The Effects of Aspirin, Celecoxib, and Laminar Shear Stress on TNFα-iInduced EMP Formation

We used an in vitro cell model to investigate the effect of aspirin, celecoxib, laminar shear stress (LSS), or the combination of aspirin and LSS, and the combination of celecoxib and LSS in preventing TNF-a induced EMPs in HUVECs. We assessed the effect of various pre-established inflammatory and atherothrombotic treatments and combination of treatments on TNF-a induced EMPs from both activated and apoptotic endothelial cells. In doing so, we also investigated changes seen in COX-1, COX-2, and their respective enzymes thromboxane and prostacyclin. We found that in the presence of an inflammatory challenge in the form of TNF-α, which caused a significant disruption of EC function, aspirin and celecoxib actually proved to be augmenting TNF-α-induced increases in EMP formation indicative of EC apoptosis, likely independent of the COX pathway. Further, neither compound affected TNF-α-induced increases in EMP formation indicative of EC activation. This unfavorable response was compounded by either compounds inability to affect TNF-α-induced decreases in eNOS expression, questioning the effect of either aspirin or celecoxib on endothelial function.
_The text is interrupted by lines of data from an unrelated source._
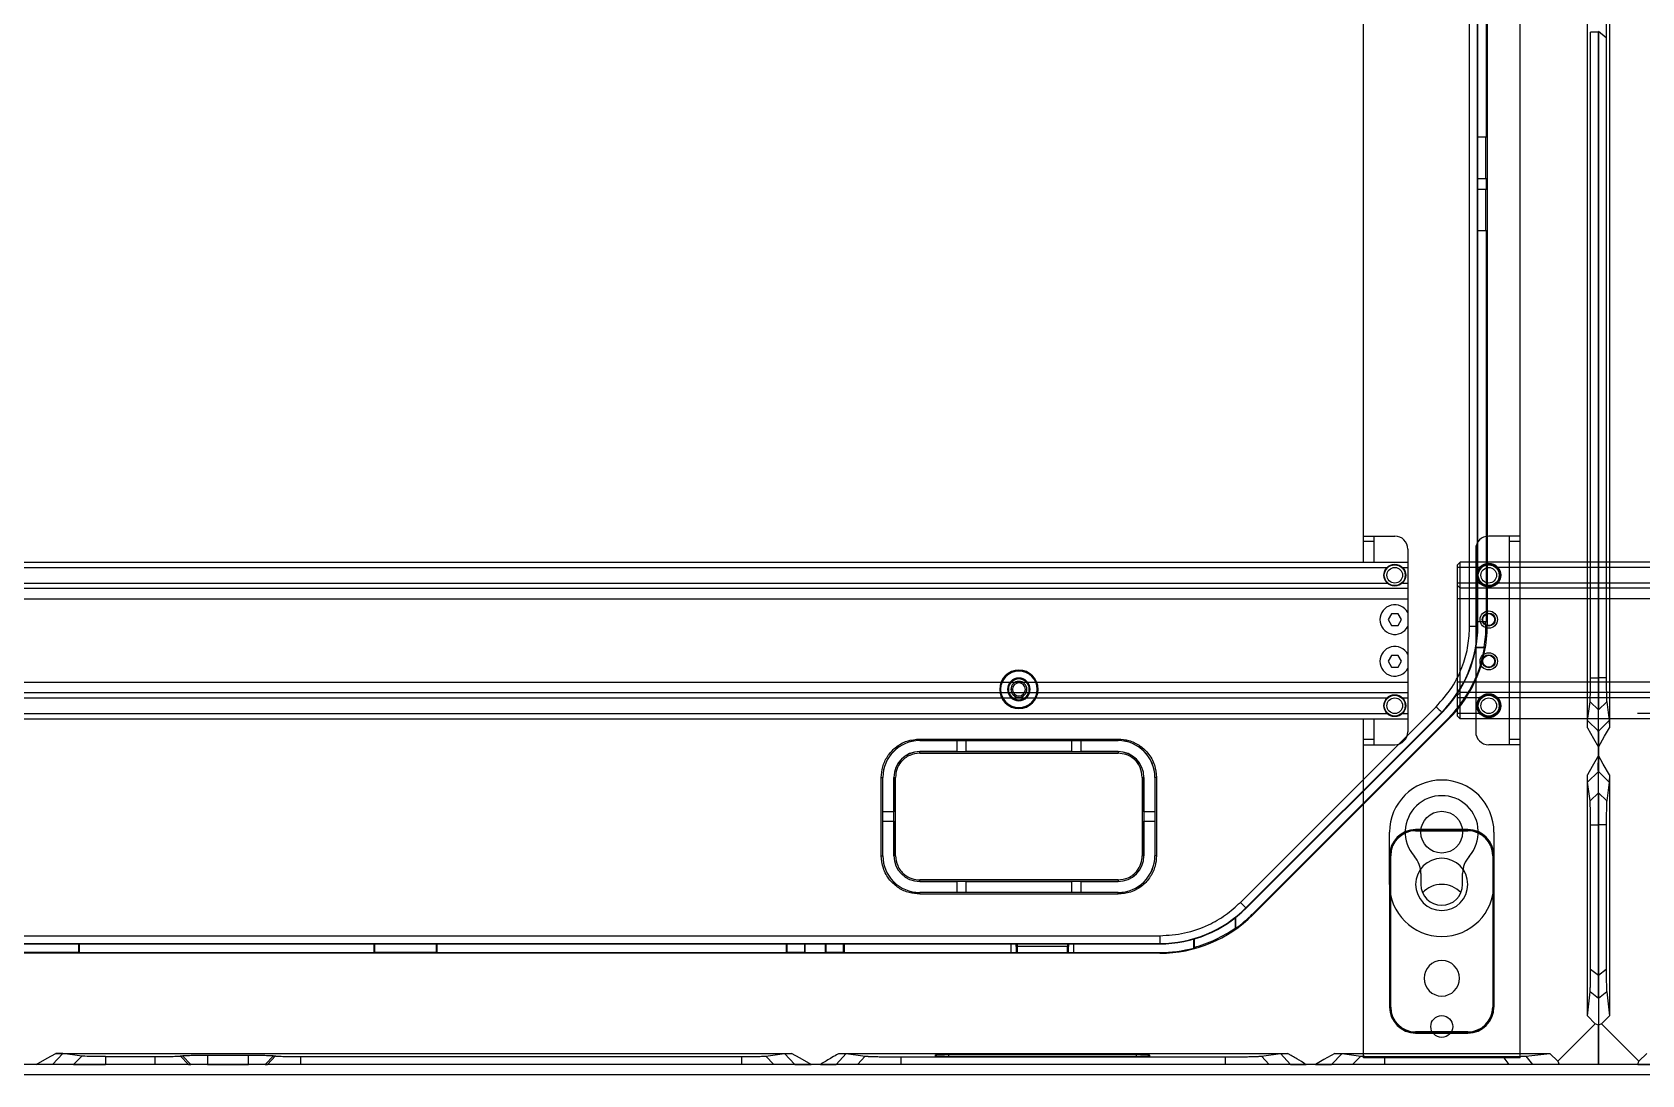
# Model space of a CAD drawing. Header units: millimetres. Extents: x 9226 to 36041, y 16031 to 21779.
# Drawn here: x 30785.2 to 31093.6, y 18089.5 to 18289.3 of the extents above; entities that cross this region are included whole.
import ezdxf

# ---------------------------------------------------------------- set-up
doc = ezdxf.new("R2010")
doc.units = ezdxf.units.MM
doc.layers.add('02___PRT_ALL_AXES', color=7, linetype='Continuous')

# ---------------------------------------------------------------- blocks, each defined once
blk = doc.blocks.new('G$CBB86864E')
at = {"color": 114, "linetype": 'Continuous', "true_color": 0x139b48}
for p, q in [((612, 0), (612, 672.5)), ((582, 95), (582, 582.5)), ((582, 100), (588, 100)), ((582, 99), (584, 99)), ((584, 100), (584, 95)), ((612, 100), (606, 100)), ((610, 60), (610, 100)), ((610, 99), (612, 99)), ((590.5, 97.5), (590.5, 62.5)), ((603.5, 97.5), (603.5, 62.5)), ((0, 94.5), (0.5, 95)), ((0, 65.5), (0, 94.5)), ((4.53, 94), (0, 94)), ((0.5, 65), (0.5, 95)), ((77.5, 95), (0.5, 95)), ((63.5, 95), (590.5, 95)), ((589.47, 94), (590.5, 94)), ((4.53, 91), (0, 91)), ((0, 90.5), (0.5, 90)), ((50.5, 90), (0.5, 90)), ((63.5, 90), (590.5, 90)), ((589.47, 91), (590.5, 91)), ((50.5, 88), (0, 88)), ((63.5, 88), (590.5, 88)), ((587.35, 85.12), (586.71, 84)), ((586.71, 84), (587.35, 82.88)), ((588.65, 85.12), (587.35, 85.12)), ((589.29, 84), (588.65, 85.12)), ((588.65, 82.88), (589.29, 84)), ((587.35, 82.88), (588.65, 82.88)), ((587.35, 77.12), (586.71, 76)), ((588.65, 77.12), (587.35, 77.12)), ((589.29, 76), (588.65, 77.12)), ((586.71, 76), (587.35, 74.88)), ((587.35, 74.88), (588.65, 74.88)), ((588.65, 74.88), (589.29, 76)), ((50.5, 72), (0, 72)), ((63.5, 72), (590.5, 72)), ((0, 69.5), (0.5, 70)), ((4.53, 69), (0, 69)), ((50.5, 70), (0.5, 70)), ((63.5, 70), (590.5, 70)), ((589.47, 69), (590.5, 69)), ((4.53, 66), (0, 66)), ((0, 65.5), (0.5, 65)), ((50.5, 65), (0.5, 65)), ((63.5, 65), (590.5, 65)), ((582, 0), (582, 65)), ((584, 65), (584, 60)), ((589.47, 66), (590.5, 66)), ((584, 61), (582, 61)), ((582, 60), (588, 60)), ((612, 60), (606, 60)), ((612, 61), (610, 61)), ((612, 0), (582, 0))]:
    blk.add_line(p, q, dxfattribs=at)
for centre, radius in [((588, 92.5), 2), ((588, 92.5), 1.5), ((606, 92.5), 2.3), ((606, 92.5), 2), ((606, 92.5), 1.5), ((6, 84), 1.65), ((6, 84), 1.15), ((6, 76), 1.65), ((6, 76), 1.15), ((588, 67.5), 2), ((588, 67.5), 1.5), ((606, 67.5), 2.3), ((606, 67.5), 2), ((606, 67.5), 1.5)]:
    blk.add_circle(centre, radius, dxfattribs=at)
for centre, radius, start, end in [((588, 97.5), 2.5, 0, 90), ((606, 97.5), 2.5, 90, 180), ((588, 62.5), 2.5, 270, 0), ((606, 62.5), 2.5, 180, 270), ((597, 28.25), 5, 43.1308, 136.8692)]:
    blk.add_arc(centre, radius, start, end, dxfattribs=at)
at = {"layer": '02___PRT_ALL_AXES', "color": 114, "linetype": 'Continuous', "true_color": 0x139b48}
for p, q in [((46.53, 94), (7.47, 94)), ((67.47, 94), (586.53, 94)), ((46.53, 91), (7.47, 91)), ((67.47, 91), (586.53, 91)), ((46.53, 69), (7.47, 69)), ((67.47, 69), (586.53, 69)), ((46.53, 66), (34.47, 66)), ((67.47, 66), (586.53, 66)), ((587, 33.25), (587, 43.25)), ((607, 43.25), (607, 33.25)), ((593, 35.31), (593, 33.25)), ((601, 33.25), (601, 35.31))]:
    blk.add_line(p, q, dxfattribs=at)
for centre, radius in [((6, 92.5), 2.1), ((588, 92.5), 2.1), ((606, 84), 1.25), ((606, 76), 1.25), ((6, 67.5), 2.1), ((588, 67.5), 2.1), ((597, 43.25), 4), ((597, 6), 2.1)]:
    blk.add_circle(centre, radius, dxfattribs=at)
for centre, radius, start, end in [((588, 84), 2.84, 28.0842, 331.9158), ((588, 76), 2.84, 28.0842, 331.9158), ((597, 43.25), 10, 0, 180), ((597, 43.25), 7, 318.5904, 221.4096), ((588, 35.31), 5, 0, 41.4096), ((606, 35.31), 5, 138.5904, 180), ((597, 33.25), 10, 180, 0), ((597, 33.25), 4, 180, 0)]:
    blk.add_arc(centre, radius, start, end, dxfattribs=at)
blk = doc.blocks.new('*U254')
blk.add_blockref('G$CBB86864E', (-306, -341.75))
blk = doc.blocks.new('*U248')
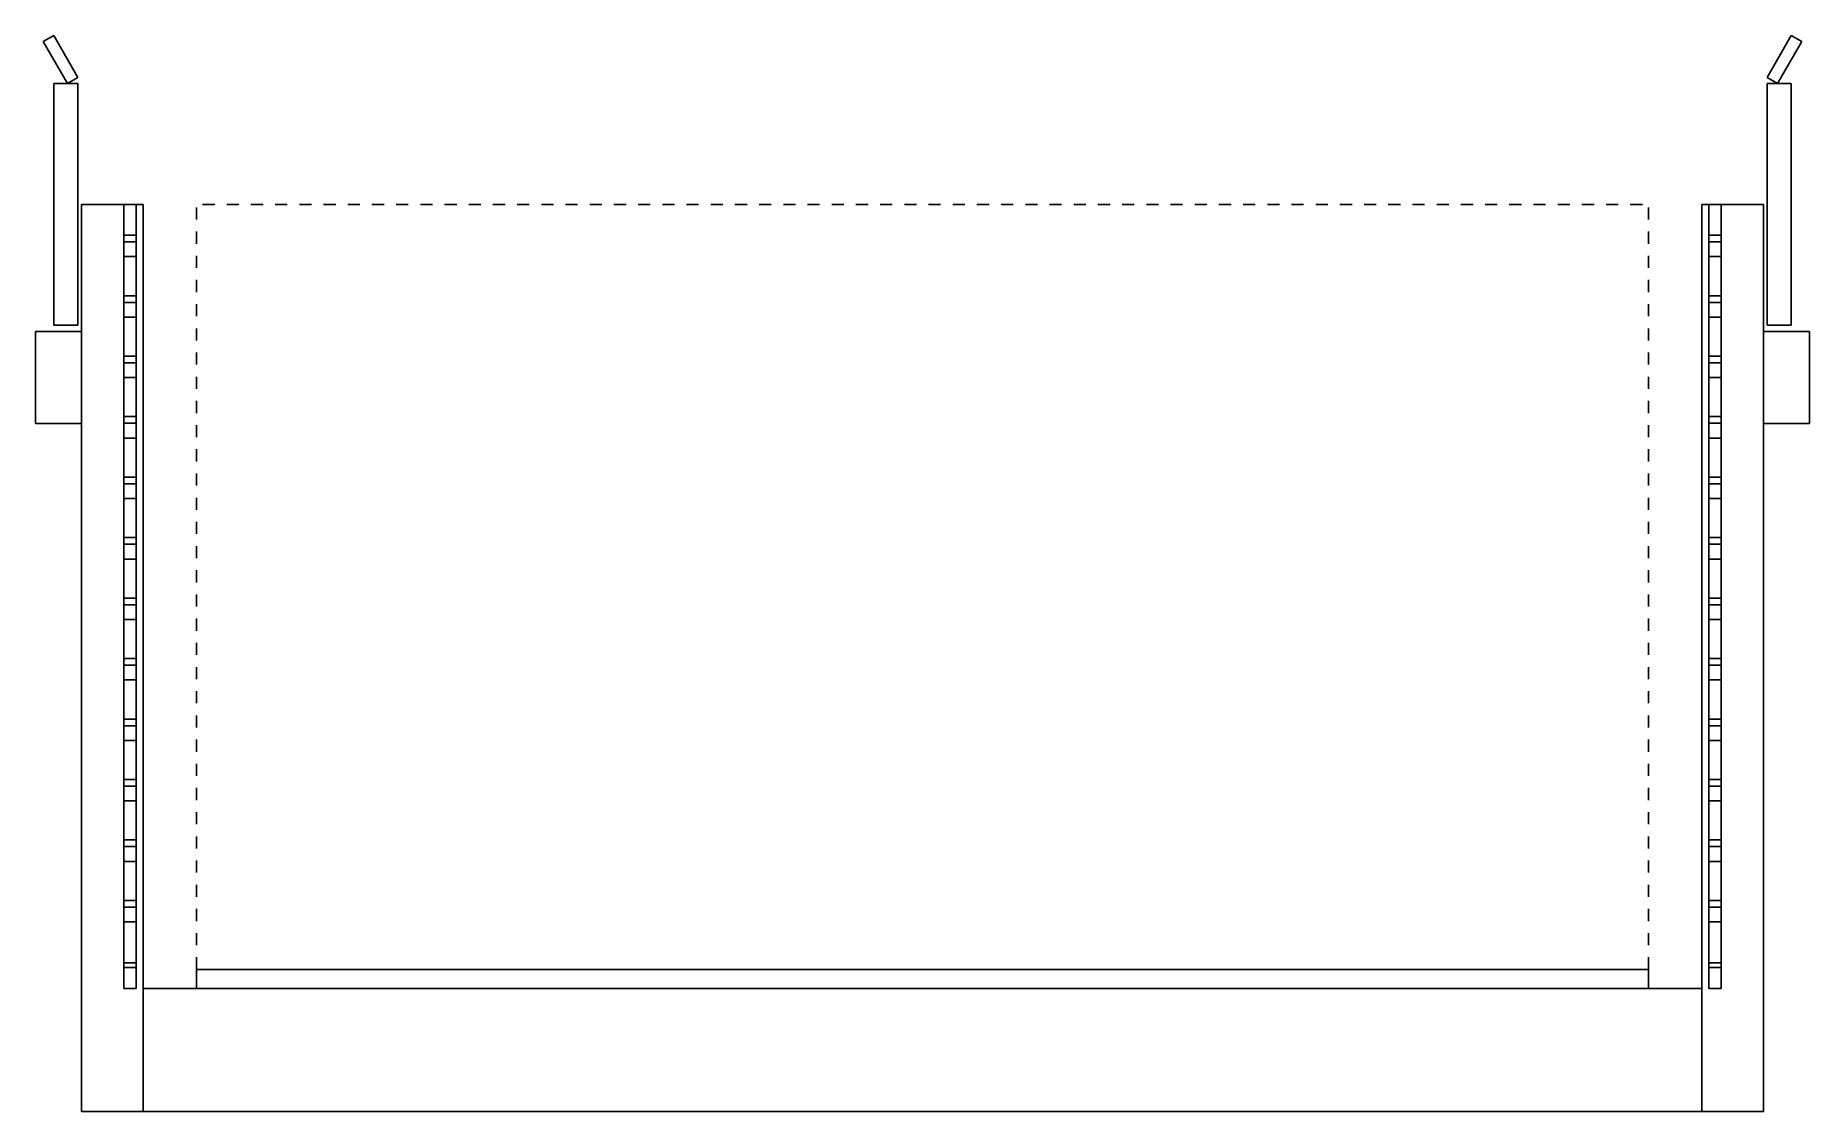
# Model space of a CAD drawing. Extents: x -733 to 733, y 0 to 890.
import ezdxf

# ---------------------------------------------------------------- set-up
doc = ezdxf.new("R2010")
doc.units = 0
doc.header["$MEASUREMENT"] = 0
doc.linetypes.add('LTYPE_1', pattern=[375, 0, -375])
doc.layers.get('0').update_dxf_attribs({"linetype": 'CONTINUOUS'})
doc.layers.add('BASKET', color=147, linetype='CONTINUOUS')

msp = doc.modelspace()

# ---------------------------------------------------------------- linework, layer by layer
at = {"linetype": 'Continuous'}
for p, q in [((-595, 750), (-585, 750)), ((-575, 750), (-565, 750)), ((-555, 750), (-545, 750)), ((-535, 750), (-525, 750)), ((-515, 750), (-505, 750)), ((-495, 750), (-485, 750)), ((-475, 750), (-465, 750)), ((-455, 750), (-445, 750)), ((-435, 750), (-425, 750)), ((-415, 750), (-405, 750)), ((-395, 750), (-385, 750)), ((-375, 750), (-365, 750)), ((-355, 750), (-345, 750)), ((-335, 750), (-325, 750)), ((-315, 750), (-305, 750)), ((-295, 750), (-285, 750)), ((-275, 750), (-265, 750)), ((-255, 750), (-245, 750)), ((-235, 750), (-225, 750)), ((-215, 750), (-205, 750)), ((-195, 750), (-185, 750)), ((-175, 750), (-165, 750)), ((-155, 750), (-145, 750)), ((-135, 750), (-125, 750)), ((-115, 750), (-105, 750)), ((-95, 750), (-85, 750)), ((-75, 750), (-65, 750)), ((-55, 750), (-45, 750)), ((-35, 750), (-25, 750)), ((-15, 750), (-5, 750)), ((15, 750), (5, 750)), ((35, 750), (25, 750)), ((55, 750), (45, 750)), ((75, 750), (65, 750)), ((95, 750), (85, 750)), ((115, 750), (105, 750)), ((135, 750), (125, 750)), ((155, 750), (145, 750)), ((175, 750), (165, 750)), ((195, 750), (185, 750)), ((215, 750), (205, 750)), ((235, 750), (225, 750)), ((255, 750), (245, 750)), ((275, 750), (265, 750)), ((295, 750), (285, 750)), ((315, 750), (305, 750)), ((335, 750), (325, 750)), ((355, 750), (345, 750)), ((375, 750), (365, 750)), ((395, 750), (385, 750)), ((415, 750), (405, 750)), ((435, 750), (425, 750)), ((455, 750), (445, 750)), ((475, 750), (465, 750)), ((495, 750), (485, 750)), ((515, 750), (505, 750)), ((535, 750), (525, 750)), ((555, 750), (545, 750)), ((575, 750), (565, 750)), ((595, 750), (585, 750)), ((-600, 737.5), (-600, 747.5)), ((600, 737.5), (600, 747.5)), ((-600, 717.5), (-600, 727.5)), ((600, 717.5), (600, 727.5)), ((-600, 697.5), (-600, 707.5)), ((600, 697.5), (600, 707.5)), ((-600, 677.5), (-600, 687.5)), ((600, 677.5), (600, 687.5)), ((-600, 657.5), (-600, 667.5)), ((600, 657.5), (600, 667.5)), ((-600, 637.5), (-600, 647.5)), ((600, 637.5), (600, 647.5)), ((-600, 617.5), (-600, 627.5)), ((600, 617.5), (600, 627.5)), ((-600, 597.5), (-600, 607.5)), ((600, 597.5), (600, 607.5)), ((-600, 577.5), (-600, 587.5)), ((600, 577.5), (600, 587.5)), ((-600, 557.5), (-600, 567.5)), ((600, 557.5), (600, 567.5)), ((-600, 537.5), (-600, 547.5)), ((600, 537.5), (600, 547.5)), ((-600, 517.5), (-600, 527.5)), ((600, 517.5), (600, 527.5)), ((-600, 497.5), (-600, 507.5)), ((600, 497.5), (600, 507.5)), ((-600, 477.5), (-600, 487.5)), ((600, 477.5), (600, 487.5)), ((-600, 457.5), (-600, 467.5)), ((600, 457.5), (600, 467.5)), ((-600, 437.5), (-600, 447.5)), ((600, 437.5), (600, 447.5)), ((-600, 417.5), (-600, 427.5)), ((600, 417.5), (600, 427.5)), ((-600, 397.5), (-600, 407.5)), ((600, 397.5), (600, 407.5)), ((-600, 377.5), (-600, 387.5)), ((600, 377.5), (600, 387.5)), ((-600, 357.5), (-600, 367.5)), ((600, 357.5), (600, 367.5)), ((-600, 337.5), (-600, 347.5)), ((600, 337.5), (600, 347.5)), ((-600, 317.5), (-600, 327.5)), ((600, 317.5), (600, 327.5)), ((-600, 297.5), (-600, 307.5)), ((600, 297.5), (600, 307.5)), ((-600, 277.5), (-600, 287.5)), ((600, 277.5), (600, 287.5)), ((-600, 257.5), (-600, 267.5)), ((600, 257.5), (600, 267.5)), ((-600, 237.5), (-600, 247.5)), ((600, 237.5), (600, 247.5)), ((-600, 217.5), (-600, 227.5)), ((600, 217.5), (600, 227.5)), ((-600, 197.5), (-600, 207.5)), ((600, 197.5), (600, 207.5)), ((-600, 177.5), (-600, 187.5)), ((600, 177.5), (600, 187.5)), ((-600, 157.5), (-600, 167.5)), ((600, 157.5), (600, 167.5)), ((-600, 137.5), (-600, 147.5)), ((600, 137.5), (600, 147.5)), ((-600, 117.5), (-600, 127.5)), ((600, 117.5), (600, 127.5))]:
    msp.add_line(p, q, dxfattribs=at)
at = {"layer": 'BASKET', "color": 138}
for p, q in [((-718, 889.6), (-726.7, 884.6)), ((-706.7, 850), (-726.7, 884.6)), ((-698, 855), (-718, 889.6)), ((698, 855), (718, 889.6)), ((706.7, 850), (726.7, 884.6)), ((718, 889.6), (726.7, 884.6)), ((-698, 855), (-706.7, 850)), ((698, 855), (706.7, 850)), ((-718, 650), (-718, 850)), ((-718, 850), (-698, 850)), ((-698, 650), (-698, 850)), ((718, 850), (698, 850)), ((698, 650), (698, 850)), ((718, 650), (718, 850)), ((-695, 750), (-644.2, 750)), ((-695, 101.6), (-695, 750)), ((-644.2, 0), (-644.2, 750)), ((695, 750), (644.2, 750)), ((644.2, 0), (644.2, 750)), ((695, 101.6), (695, 750)), ((-718, 650), (-698, 650)), ((718, 650), (698, 650)), ((-733.1, 645), (-695, 645)), ((-733.1, 568.8), (-733.1, 645)), ((-695, 568.8), (-695, 645)), ((733.1, 645), (695, 645)), ((695, 568.8), (695, 645)), ((733.1, 568.8), (733.1, 645)), ((-733.1, 568.8), (-695, 568.8)), ((733.1, 568.8), (695, 568.8)), ((-600, 117.5), (600, 117.5)), ((-600, 117.5), (-600, 101.6)), ((600, 117.5), (600, 101.6)), ((-695, 0), (-695, 101.6)), ((-644.2, 71.6), (-644.2, 101.6)), ((644.2, 101.6), (-644.2, 101.6)), ((-644.2, 0), (-644.2, 101.6)), ((-600, 101.6), (600, 101.6)), ((644.2, 71.6), (644.2, 101.6)), ((644.2, 0), (644.2, 101.6)), ((695, 0), (695, 101.6)), ((-695, 0), (-644.2, 0)), ((-644.2, 0), (644.2, 0)), ((695, 0), (644.2, 0))]:
    msp.add_line(p, q, dxfattribs=at)
at = {"layer": 'BASKET', "color": 138, "linetype": 'LTYPE_1'}
for p, q in [((-698, 822.5), (-718, 822.5)), ((698, 822.5), (718, 822.5))]:
    msp.add_line(p, q, dxfattribs=at)
at = {"layer": 'BASKET', "color": 7}
for p, q in [((-660, 101.6), (-660, 750)), ((-650, 101.6), (-650, 750)), ((650, 101.6), (650, 750)), ((660, 101.6), (660, 750)), ((-660, 724.5), (-650, 724.5)), ((-660, 719), (-650, 719)), ((660, 724.5), (650, 724.5)), ((660, 719), (650, 719)), ((-660, 706.8), (-650, 706.8)), ((660, 706.8), (650, 706.8)), ((-660, 674.5), (-650, 674.5)), ((660, 674.5), (650, 674.5)), ((-660, 669), (-650, 669)), ((660, 669), (650, 669)), ((-660, 656.8), (-650, 656.8)), ((660, 656.8), (650, 656.8)), ((-660, 624.5), (-650, 624.5)), ((-660, 619), (-650, 619)), ((660, 624.5), (650, 624.5)), ((660, 619), (650, 619)), ((-660, 606.8), (-650, 606.8)), ((660, 606.8), (650, 606.8)), ((-660, 574.5), (-650, 574.5)), ((660, 574.5), (650, 574.5)), ((-660, 569), (-650, 569)), ((660, 569), (650, 569)), ((-660, 556.8), (-650, 556.8)), ((660, 556.8), (650, 556.8)), ((-660, 524.5), (-650, 524.5)), ((-660, 519), (-650, 519)), ((660, 524.5), (650, 524.5)), ((660, 519), (650, 519)), ((-660, 506.8), (-650, 506.8)), ((660, 506.8), (650, 506.8)), ((-660, 474.5), (-650, 474.5)), ((660, 474.5), (650, 474.5)), ((-660, 469), (-650, 469)), ((-660, 456.8), (-650, 456.8)), ((660, 469), (650, 469)), ((660, 456.8), (650, 456.8)), ((-660, 424.5), (-650, 424.5)), ((-660, 419), (-650, 419)), ((660, 424.5), (650, 424.5)), ((660, 419), (650, 419)), ((-660, 406.8), (-650, 406.8)), ((660, 406.8), (650, 406.8)), ((-660, 374.5), (-650, 374.5)), ((-660, 369), (-650, 369)), ((660, 374.5), (650, 374.5)), ((660, 369), (650, 369)), ((-660, 356.8), (-650, 356.8)), ((660, 356.8), (650, 356.8)), ((-660, 324.5), (-650, 324.5)), ((660, 324.5), (650, 324.5)), ((-660, 319), (-650, 319)), ((660, 319), (650, 319)), ((-660, 306.8), (-650, 306.8)), ((660, 306.8), (650, 306.8)), ((-660, 274.5), (-650, 274.5)), ((-660, 269), (-650, 269)), ((660, 274.5), (650, 274.5)), ((660, 269), (650, 269)), ((-660, 256.8), (-650, 256.8)), ((660, 256.8), (650, 256.8)), ((-660, 224.5), (-650, 224.5)), ((660, 224.5), (650, 224.5)), ((-660, 219), (-650, 219)), ((-660, 206.8), (-650, 206.8)), ((660, 219), (650, 219)), ((660, 206.8), (650, 206.8)), ((-660, 174.5), (-650, 174.5)), ((-660, 169), (-650, 169)), ((660, 174.5), (650, 174.5)), ((660, 169), (650, 169)), ((-660, 156.8), (-650, 156.8)), ((660, 156.8), (650, 156.8)), ((-660, 123), (-650, 123)), ((-660, 119), (-650, 119)), ((660, 123), (650, 123)), ((660, 119), (650, 119)), ((-660, 101.6), (-650, 101.6)), ((650, 101.6), (660, 101.6))]:
    msp.add_line(p, q, dxfattribs=at)

doc.saveas('drawing.dxf')

The potentially unfavorable effect of either compound on EC function was ameliorated when aspirin and celecoxib were combined with LSS, as evidenced by a similarly positive effect of LSS and LSS combination pre-treatment on TNF-α-induced changes in CD31 EMP accumulation and eNOS expression. Overall, exercise-mimetic levels of LSS proved to be the most effective means in improving EC homeostasis and preventing significant disruption of EC function by TNF-α. The beneficial effect of LSS pre-treatment on TNF-α-induced accumulation of EMPs suggestive of cellular activation being partially mediated by COX-1, while improvement in eNOS is independent of COX. In conclusion, aspirin and celecoxib might be ineffective in improving endothelial function and preventing early signs of atherosclerotic development when the endothelium is presented with an inflammatory challenge. While either compound have demonstrated clinical efficacy in some cases in the prevention and treatment of cardiovascular disease, the effect might be mediated through the respective compounds’ effect on platelets more so than ECs.